Extract from the listing each line in which the word "VECTOR" appears.

▬▬▬▬▬▬

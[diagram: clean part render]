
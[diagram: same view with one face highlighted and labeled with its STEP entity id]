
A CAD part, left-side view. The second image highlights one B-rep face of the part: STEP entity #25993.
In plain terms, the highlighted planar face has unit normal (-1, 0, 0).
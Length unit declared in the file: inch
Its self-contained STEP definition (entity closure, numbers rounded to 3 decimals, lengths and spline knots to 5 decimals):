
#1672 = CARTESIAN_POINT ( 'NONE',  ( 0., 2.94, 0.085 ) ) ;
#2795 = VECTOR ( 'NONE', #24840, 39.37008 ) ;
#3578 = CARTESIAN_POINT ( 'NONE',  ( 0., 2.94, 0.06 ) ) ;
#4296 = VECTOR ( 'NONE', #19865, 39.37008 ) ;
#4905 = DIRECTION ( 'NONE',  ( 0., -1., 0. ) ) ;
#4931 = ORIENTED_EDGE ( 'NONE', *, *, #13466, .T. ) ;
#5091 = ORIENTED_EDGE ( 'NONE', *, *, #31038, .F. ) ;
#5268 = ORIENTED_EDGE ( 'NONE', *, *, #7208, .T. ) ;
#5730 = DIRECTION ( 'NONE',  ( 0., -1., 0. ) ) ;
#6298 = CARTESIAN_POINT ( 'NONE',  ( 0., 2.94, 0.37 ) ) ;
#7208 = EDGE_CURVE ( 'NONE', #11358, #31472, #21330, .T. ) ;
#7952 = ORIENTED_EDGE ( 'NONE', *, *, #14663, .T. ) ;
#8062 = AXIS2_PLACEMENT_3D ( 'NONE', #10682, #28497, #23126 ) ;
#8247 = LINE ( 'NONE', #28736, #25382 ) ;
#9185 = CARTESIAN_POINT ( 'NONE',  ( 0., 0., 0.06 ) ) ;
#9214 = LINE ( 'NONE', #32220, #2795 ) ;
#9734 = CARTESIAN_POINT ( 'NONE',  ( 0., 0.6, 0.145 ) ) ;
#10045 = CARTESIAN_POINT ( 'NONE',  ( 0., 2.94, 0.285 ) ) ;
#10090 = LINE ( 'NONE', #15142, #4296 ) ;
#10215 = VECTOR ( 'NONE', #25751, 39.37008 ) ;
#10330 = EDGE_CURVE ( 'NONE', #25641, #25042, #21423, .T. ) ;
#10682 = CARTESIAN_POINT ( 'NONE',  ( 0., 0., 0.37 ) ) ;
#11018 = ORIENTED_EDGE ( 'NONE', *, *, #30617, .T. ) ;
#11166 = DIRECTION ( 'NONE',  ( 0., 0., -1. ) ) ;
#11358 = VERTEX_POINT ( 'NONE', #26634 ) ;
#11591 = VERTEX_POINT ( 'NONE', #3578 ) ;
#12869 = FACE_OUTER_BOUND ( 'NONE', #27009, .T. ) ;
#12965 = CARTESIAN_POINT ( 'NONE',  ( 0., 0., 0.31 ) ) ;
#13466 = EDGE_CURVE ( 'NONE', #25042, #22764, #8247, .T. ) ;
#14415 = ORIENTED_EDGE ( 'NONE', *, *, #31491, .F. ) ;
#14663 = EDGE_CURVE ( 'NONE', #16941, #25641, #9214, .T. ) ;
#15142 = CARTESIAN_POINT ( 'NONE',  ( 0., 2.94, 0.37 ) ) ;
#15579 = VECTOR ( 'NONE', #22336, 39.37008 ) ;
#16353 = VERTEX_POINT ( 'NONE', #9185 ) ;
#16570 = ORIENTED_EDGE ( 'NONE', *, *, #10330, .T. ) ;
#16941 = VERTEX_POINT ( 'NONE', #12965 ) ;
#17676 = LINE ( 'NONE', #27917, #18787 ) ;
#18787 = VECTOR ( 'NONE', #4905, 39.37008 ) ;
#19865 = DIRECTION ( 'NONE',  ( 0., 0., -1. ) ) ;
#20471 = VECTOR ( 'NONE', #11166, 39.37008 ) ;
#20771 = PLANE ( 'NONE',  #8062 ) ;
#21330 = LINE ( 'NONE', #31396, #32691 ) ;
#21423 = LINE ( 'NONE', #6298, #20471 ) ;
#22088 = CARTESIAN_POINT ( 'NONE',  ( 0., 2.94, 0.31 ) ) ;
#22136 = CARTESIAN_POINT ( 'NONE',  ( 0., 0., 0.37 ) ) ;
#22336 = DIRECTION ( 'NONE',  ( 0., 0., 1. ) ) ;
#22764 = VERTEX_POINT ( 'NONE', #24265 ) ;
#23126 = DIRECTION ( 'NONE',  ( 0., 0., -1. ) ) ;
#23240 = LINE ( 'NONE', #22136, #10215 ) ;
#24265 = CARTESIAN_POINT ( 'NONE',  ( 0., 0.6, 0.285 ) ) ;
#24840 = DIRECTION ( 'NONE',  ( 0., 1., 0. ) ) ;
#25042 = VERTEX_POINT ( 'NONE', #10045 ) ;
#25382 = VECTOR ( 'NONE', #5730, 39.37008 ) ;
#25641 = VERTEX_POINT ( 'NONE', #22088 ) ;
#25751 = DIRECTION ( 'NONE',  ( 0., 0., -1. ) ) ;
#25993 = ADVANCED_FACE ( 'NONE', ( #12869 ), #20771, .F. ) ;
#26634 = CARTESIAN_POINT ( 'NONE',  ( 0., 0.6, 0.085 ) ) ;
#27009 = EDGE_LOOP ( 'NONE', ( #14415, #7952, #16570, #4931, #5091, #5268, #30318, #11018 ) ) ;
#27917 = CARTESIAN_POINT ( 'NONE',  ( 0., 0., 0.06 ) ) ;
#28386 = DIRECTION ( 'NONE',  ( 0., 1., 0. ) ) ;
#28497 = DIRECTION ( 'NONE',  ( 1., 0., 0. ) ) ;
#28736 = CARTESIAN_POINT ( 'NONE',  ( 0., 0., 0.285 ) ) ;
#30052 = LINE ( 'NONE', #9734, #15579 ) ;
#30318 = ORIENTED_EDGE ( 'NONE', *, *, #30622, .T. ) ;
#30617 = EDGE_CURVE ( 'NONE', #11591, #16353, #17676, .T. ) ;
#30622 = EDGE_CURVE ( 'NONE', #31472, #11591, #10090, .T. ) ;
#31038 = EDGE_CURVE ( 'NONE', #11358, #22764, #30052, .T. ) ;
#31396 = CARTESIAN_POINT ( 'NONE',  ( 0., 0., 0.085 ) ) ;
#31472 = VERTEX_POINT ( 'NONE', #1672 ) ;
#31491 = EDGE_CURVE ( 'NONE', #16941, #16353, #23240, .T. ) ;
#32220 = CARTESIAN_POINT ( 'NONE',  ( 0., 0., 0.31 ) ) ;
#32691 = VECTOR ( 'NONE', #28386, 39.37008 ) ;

▬▬▬▬▬▬

• _Answer space_:
#2795 = VECTOR ( 'NONE', #24840, 39.37008 ) ;
#4296 = VECTOR ( 'NONE', #19865, 39.37008 ) ;
#10215 = VECTOR ( 'NONE', #25751, 39.37008 ) ;
#15579 = VECTOR ( 'NONE', #22336, 39.37008 ) ;
#18787 = VECTOR ( 'NONE', #4905, 39.37008 ) ;
#20471 = VECTOR ( 'NONE', #11166, 39.37008 ) ;
#25382 = VECTOR ( 'NONE', #5730, 39.37008 ) ;
#32691 = VECTOR ( 'NONE', #28386, 39.37008 ) ;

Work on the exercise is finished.